Datasets on data.world can be queried using SQL and SPARQL. A specific dataset is the starting point for a query, but its not the end. The data in that dataset can be joined with data from any other dataset on the platform.
If you are unfamiliar with or interested in learning more about SQL and SPARQL, check out our tutorials:
When using SQL, it’s a good idea to start by understanding the schema inferred by data.world from the data that has been uploaded. That is done by querying the Tables
table.
intro_ds <- "https://data.world/jonloyens/an-intro-to-dataworld-dataset"
tables_df <- data.world::query(
data.world::qry_sql("SELECT * FROM Tables"),
dataset = intro_ds
)
tables_df
It is also possible to obtain information about columns. For that, use the TableColumns
table instead.
Try:
columns_df <- data.world::query(
data.world::qry_sql("SELECT * FROM TableColumns"),
dataset = intro_ds
)
columns_df
Just like the queries above, any SQL query can be created using qry_sql
.
For example:
assists_vs_height <- data.world::qry_sql(paste0(
"SELECT t.Name, t.Height, s.AssistsPerGame ",
"FROM DataDotWorldBBallTeam as t ",
"JOIN DataDotWorldBBallStats as s ON t.Name = s.Name ",
"ORDER BY s.AssistsPerGame DESC"))
data.world::query(assists_vs_height, dataset = intro_ds)
SQL queries can be parameterized for maximum flexibility. Parameters are always positional and can be provided via the qry_sql
object.
For example:
assists_greater_than <- data.world::qry_sql(paste0(
"SELECT t.Name, t.Height, s.AssistsPerGame ",
"FROM DataDotWorldBBallTeam as t ",
"JOIN DataDotWorldBBallStats as s ON t.Name = s.Name ",
"WHERE s.AssistsPerGame > ? ",
"ORDER BY s.AssistsPerGame DESC"))
assists_greater_than$params <- c(10)
data.world::query(assists_greater_than, intro_ds)
Running SPARQL queries is very similar to running SQL queries, except that the qry_sparql
constructor is used instead.
Additionally, instead of a tabular schema, with SPARQL one queries a data graph.

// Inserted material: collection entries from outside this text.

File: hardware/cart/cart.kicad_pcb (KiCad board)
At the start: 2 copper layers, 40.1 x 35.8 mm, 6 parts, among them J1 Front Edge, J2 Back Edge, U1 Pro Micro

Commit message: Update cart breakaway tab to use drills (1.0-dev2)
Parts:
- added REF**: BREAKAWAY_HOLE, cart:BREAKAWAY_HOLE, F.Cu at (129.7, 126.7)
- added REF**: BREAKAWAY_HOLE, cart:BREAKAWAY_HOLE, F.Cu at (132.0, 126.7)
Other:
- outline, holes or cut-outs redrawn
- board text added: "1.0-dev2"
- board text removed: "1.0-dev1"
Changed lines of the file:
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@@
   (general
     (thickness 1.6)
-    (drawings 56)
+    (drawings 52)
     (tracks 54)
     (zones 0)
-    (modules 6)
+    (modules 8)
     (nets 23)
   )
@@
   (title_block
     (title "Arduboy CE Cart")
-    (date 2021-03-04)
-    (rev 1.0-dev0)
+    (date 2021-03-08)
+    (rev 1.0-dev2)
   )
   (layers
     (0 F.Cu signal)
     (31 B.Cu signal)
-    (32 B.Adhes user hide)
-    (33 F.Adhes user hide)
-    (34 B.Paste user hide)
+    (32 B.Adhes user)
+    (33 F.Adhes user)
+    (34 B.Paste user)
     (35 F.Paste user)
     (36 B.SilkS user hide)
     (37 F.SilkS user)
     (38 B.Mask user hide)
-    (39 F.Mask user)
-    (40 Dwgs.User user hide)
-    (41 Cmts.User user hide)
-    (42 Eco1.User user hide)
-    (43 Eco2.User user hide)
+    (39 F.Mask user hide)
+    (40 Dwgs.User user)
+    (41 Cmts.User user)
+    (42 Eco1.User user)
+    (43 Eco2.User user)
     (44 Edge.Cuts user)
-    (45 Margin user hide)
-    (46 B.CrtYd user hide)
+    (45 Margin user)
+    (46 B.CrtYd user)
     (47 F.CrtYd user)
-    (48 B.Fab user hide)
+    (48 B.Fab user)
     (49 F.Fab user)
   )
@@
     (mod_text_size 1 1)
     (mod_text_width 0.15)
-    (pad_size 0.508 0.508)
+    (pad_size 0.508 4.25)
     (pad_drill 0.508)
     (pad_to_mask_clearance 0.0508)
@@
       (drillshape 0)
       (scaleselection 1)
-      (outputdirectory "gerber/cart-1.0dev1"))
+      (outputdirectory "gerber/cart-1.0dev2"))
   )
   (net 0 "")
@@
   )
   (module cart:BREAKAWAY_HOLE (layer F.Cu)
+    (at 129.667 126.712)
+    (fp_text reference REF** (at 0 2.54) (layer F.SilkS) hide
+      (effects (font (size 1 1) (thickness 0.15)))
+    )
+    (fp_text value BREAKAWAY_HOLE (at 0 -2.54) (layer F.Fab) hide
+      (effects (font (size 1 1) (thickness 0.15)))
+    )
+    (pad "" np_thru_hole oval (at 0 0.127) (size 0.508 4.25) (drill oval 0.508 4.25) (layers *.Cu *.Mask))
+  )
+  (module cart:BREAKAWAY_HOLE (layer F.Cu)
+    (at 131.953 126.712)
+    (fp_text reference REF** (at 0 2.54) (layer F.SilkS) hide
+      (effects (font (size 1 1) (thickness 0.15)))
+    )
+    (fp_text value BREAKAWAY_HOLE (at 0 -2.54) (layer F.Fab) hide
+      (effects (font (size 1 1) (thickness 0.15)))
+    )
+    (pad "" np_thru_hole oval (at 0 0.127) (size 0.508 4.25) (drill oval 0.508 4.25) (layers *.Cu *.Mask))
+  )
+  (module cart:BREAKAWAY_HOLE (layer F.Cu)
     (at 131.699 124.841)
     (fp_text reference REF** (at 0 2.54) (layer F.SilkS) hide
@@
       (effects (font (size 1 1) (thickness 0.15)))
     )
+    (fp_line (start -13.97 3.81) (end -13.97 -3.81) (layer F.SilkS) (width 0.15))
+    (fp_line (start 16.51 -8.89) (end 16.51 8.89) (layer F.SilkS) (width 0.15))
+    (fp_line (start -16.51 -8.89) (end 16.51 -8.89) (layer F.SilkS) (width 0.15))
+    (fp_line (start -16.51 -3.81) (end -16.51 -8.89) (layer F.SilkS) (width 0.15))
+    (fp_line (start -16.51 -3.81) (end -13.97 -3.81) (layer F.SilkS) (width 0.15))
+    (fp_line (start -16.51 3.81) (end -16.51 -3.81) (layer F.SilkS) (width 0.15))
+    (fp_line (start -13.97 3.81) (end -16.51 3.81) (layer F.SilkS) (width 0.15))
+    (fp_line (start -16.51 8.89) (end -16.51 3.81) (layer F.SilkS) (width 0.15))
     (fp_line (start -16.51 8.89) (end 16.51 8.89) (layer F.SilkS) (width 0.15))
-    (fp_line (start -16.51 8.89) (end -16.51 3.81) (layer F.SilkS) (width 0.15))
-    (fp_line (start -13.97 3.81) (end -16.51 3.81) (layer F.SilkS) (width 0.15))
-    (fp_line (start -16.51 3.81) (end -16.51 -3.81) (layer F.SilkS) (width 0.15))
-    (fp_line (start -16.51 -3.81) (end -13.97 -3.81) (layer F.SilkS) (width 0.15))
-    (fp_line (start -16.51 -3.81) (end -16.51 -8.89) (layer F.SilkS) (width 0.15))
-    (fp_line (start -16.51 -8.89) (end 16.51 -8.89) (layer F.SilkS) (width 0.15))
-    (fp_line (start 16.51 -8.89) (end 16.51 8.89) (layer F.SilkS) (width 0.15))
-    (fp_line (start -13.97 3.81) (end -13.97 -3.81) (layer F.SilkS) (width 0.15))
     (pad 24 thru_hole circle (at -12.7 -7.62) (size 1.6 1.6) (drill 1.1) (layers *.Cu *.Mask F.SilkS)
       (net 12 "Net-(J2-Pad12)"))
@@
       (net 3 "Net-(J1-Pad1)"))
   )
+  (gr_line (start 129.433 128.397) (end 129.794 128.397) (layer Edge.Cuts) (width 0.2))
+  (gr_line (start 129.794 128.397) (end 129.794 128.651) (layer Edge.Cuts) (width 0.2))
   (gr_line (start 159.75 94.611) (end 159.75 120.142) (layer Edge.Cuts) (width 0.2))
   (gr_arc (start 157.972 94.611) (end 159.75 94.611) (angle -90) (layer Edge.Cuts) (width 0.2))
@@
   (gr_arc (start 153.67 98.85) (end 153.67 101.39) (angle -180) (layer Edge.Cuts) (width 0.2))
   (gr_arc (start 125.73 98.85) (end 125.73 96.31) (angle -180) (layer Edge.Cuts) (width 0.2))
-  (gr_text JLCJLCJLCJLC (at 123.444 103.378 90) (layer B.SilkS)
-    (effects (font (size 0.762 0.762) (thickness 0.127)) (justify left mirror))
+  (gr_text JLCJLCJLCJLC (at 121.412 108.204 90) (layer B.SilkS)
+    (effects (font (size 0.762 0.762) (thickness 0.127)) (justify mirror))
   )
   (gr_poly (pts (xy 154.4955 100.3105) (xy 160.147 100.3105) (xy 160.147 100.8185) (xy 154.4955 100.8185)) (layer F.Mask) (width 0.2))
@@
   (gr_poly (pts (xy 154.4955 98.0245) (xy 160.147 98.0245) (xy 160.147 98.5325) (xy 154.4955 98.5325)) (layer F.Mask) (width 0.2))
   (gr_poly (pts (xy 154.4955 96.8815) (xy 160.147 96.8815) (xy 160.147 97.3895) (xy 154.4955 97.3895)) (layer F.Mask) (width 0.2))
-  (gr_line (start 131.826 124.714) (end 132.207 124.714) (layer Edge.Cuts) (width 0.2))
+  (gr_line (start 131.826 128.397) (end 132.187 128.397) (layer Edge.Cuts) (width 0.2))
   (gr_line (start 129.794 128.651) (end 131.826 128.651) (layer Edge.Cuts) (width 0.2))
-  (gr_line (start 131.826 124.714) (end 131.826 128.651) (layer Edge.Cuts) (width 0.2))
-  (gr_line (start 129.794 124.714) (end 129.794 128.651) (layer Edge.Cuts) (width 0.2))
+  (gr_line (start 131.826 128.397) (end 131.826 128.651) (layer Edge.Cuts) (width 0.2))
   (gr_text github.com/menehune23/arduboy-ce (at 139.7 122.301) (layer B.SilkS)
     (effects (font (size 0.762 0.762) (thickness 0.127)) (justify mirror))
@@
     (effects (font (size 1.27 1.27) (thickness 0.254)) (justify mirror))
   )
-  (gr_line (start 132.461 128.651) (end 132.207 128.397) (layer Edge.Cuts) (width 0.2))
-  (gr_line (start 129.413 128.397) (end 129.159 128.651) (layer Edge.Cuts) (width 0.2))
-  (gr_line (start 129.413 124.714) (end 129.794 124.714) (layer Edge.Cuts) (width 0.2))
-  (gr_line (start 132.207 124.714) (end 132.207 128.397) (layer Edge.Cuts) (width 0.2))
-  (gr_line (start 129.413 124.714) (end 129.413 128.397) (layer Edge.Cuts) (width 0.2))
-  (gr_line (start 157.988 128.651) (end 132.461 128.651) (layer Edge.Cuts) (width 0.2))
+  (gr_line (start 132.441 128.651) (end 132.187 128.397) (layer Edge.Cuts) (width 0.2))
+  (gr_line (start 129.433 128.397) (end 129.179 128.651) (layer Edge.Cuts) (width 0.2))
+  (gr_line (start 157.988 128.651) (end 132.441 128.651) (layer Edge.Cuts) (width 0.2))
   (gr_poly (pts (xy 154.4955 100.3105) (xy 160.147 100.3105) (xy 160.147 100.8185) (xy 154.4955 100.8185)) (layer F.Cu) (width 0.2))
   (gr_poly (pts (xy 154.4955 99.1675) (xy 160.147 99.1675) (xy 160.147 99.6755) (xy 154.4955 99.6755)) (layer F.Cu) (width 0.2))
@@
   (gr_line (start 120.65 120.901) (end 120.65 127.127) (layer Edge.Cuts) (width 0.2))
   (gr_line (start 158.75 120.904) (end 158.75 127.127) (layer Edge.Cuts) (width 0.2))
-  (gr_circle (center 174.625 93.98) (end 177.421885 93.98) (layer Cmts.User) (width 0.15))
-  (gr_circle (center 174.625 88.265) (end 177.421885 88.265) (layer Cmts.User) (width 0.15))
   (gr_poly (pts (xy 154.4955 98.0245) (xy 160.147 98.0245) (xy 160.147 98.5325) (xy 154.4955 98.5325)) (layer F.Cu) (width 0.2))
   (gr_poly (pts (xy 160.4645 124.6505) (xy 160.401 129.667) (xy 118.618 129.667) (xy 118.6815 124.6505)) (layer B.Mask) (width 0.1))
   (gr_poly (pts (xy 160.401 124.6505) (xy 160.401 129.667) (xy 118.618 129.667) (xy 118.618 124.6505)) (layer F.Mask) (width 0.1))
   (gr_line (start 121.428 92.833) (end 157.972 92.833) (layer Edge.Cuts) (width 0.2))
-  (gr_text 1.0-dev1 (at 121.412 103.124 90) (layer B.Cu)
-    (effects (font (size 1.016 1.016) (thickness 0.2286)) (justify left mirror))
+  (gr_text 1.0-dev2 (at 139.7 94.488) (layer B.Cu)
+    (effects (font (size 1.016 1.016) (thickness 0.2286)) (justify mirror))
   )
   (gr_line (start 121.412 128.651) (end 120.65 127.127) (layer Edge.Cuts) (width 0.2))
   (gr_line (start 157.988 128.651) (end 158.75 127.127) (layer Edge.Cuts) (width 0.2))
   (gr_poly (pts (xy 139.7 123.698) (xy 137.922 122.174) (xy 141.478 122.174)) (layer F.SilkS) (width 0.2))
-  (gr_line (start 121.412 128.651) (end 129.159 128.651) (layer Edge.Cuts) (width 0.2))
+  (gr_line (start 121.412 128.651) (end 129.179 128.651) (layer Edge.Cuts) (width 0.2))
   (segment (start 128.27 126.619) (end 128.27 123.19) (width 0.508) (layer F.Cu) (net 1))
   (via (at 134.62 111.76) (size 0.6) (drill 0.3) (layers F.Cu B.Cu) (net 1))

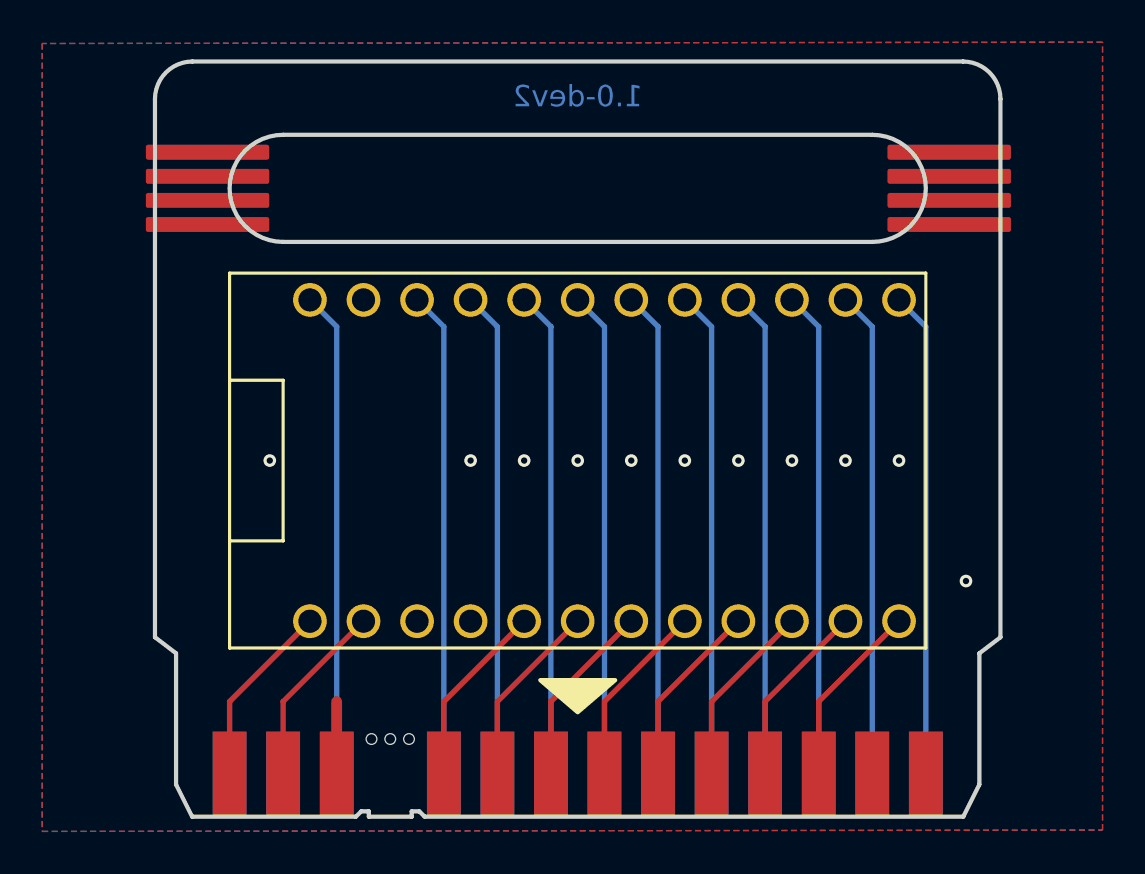
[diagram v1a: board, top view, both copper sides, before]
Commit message: Update system and cart
- Shorten cart by 1mm to account for other connector brand
- Use 1-pin header for charger board support
- Fix diode footprint
- Bump cart/system versions (no gerbers yet)
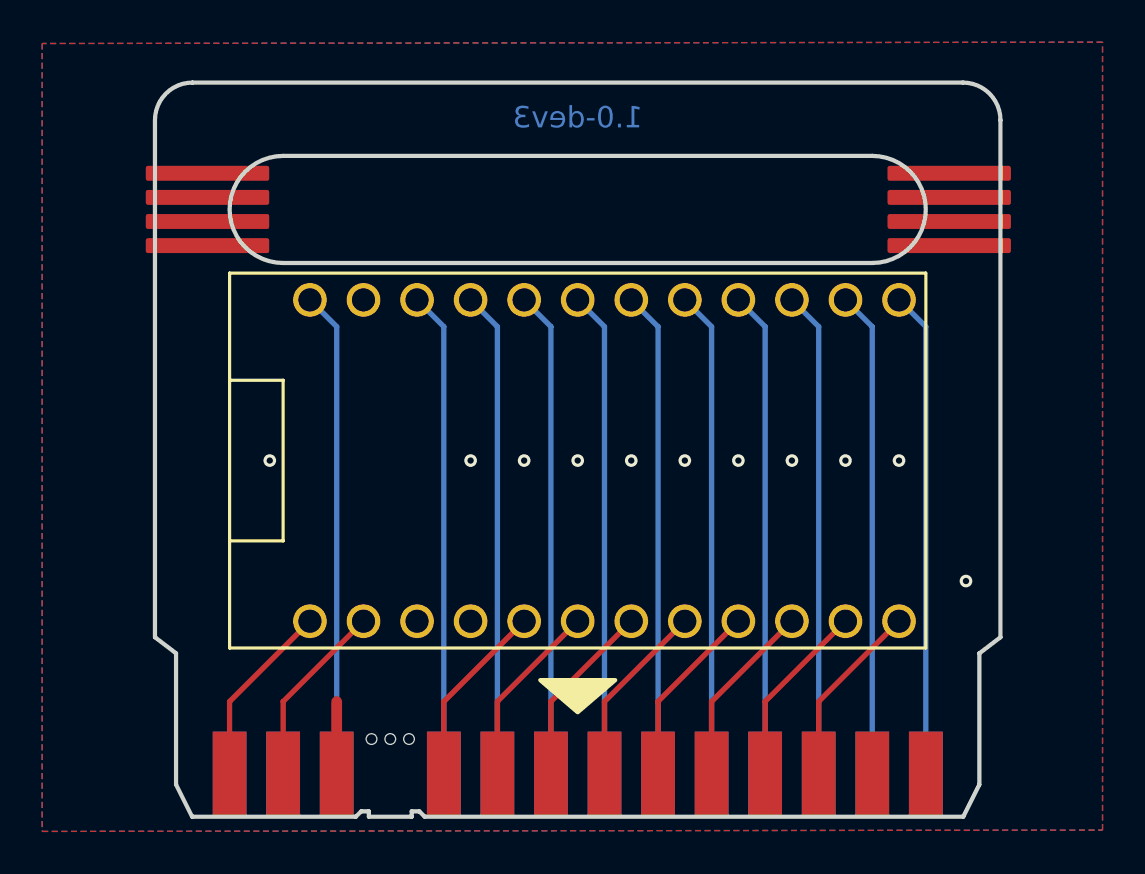
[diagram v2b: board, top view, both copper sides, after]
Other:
- board size 40.1 x 35.8 mm -> 40.1 x 34.8 mm
- board text added: "1.0-dev3"
- board text removed: "1.0-dev2"

The previous SELECT query from the SQL example, translated to SPARQL, looks like this:
assists_vs_height <- data.world::qry_sparql(paste(
"BASE <http://data.world/jonloyens/an-intro-to-dataworld-dataset/> ",
"PREFIX t: <DataDotWorldBBallTeam.csv/DataDotWorldBBallTeam#> ",
"PREFIX s: <DataDotWorldBBallStats.csv/DataDotWorldBBallStats#> ",
"SELECT ?name ?height ?assists WHERE { ",
" ?pt t:Name ?name . ",
" ?ps s:Name ?name . ", # the join column
" ?pt t:Height ?height . ",
" ?ps s:AssistsPerGame ?assists . ",
"} ",
"ORDER BY DESC (?assists)", sep = "\n"
))
data.world::query(assists_vs_height, intro_ds)
Similarly, the previous parameterized query from the SQL example can be translated to SPARQL as follows:
assists_greater_than <- data.world::qry_sparql(paste(
"BASE <http://data.world/jonloyens/an-intro-to-dataworld-dataset/> ",
"PREFIX t: <DataDotWorldBBallTeam.csv/DataDotWorldBBallTeam#> ",
"PREFIX s: <DataDotWorldBBallStats.csv/DataDotWorldBBallStats#> ",
"SELECT ?name ?height ?assists WHERE { ",
" ?pt t:Name ?name . ",
" ?ps s:Name ?name . ", # the join column
" ?pt t:Height ?height . ",
" ?ps s:AssistsPerGame ?assists . ",
" FILTER(?assists > $v1) ",
"} ",
"ORDER BY DESC (?assists)", sep = "\n"
))
assists_greater_than$params <- c("$v1" = 10)
data.world::query(assists_greater_than, intro_ds)
Notice that in the SPARQL case, parameters are always named.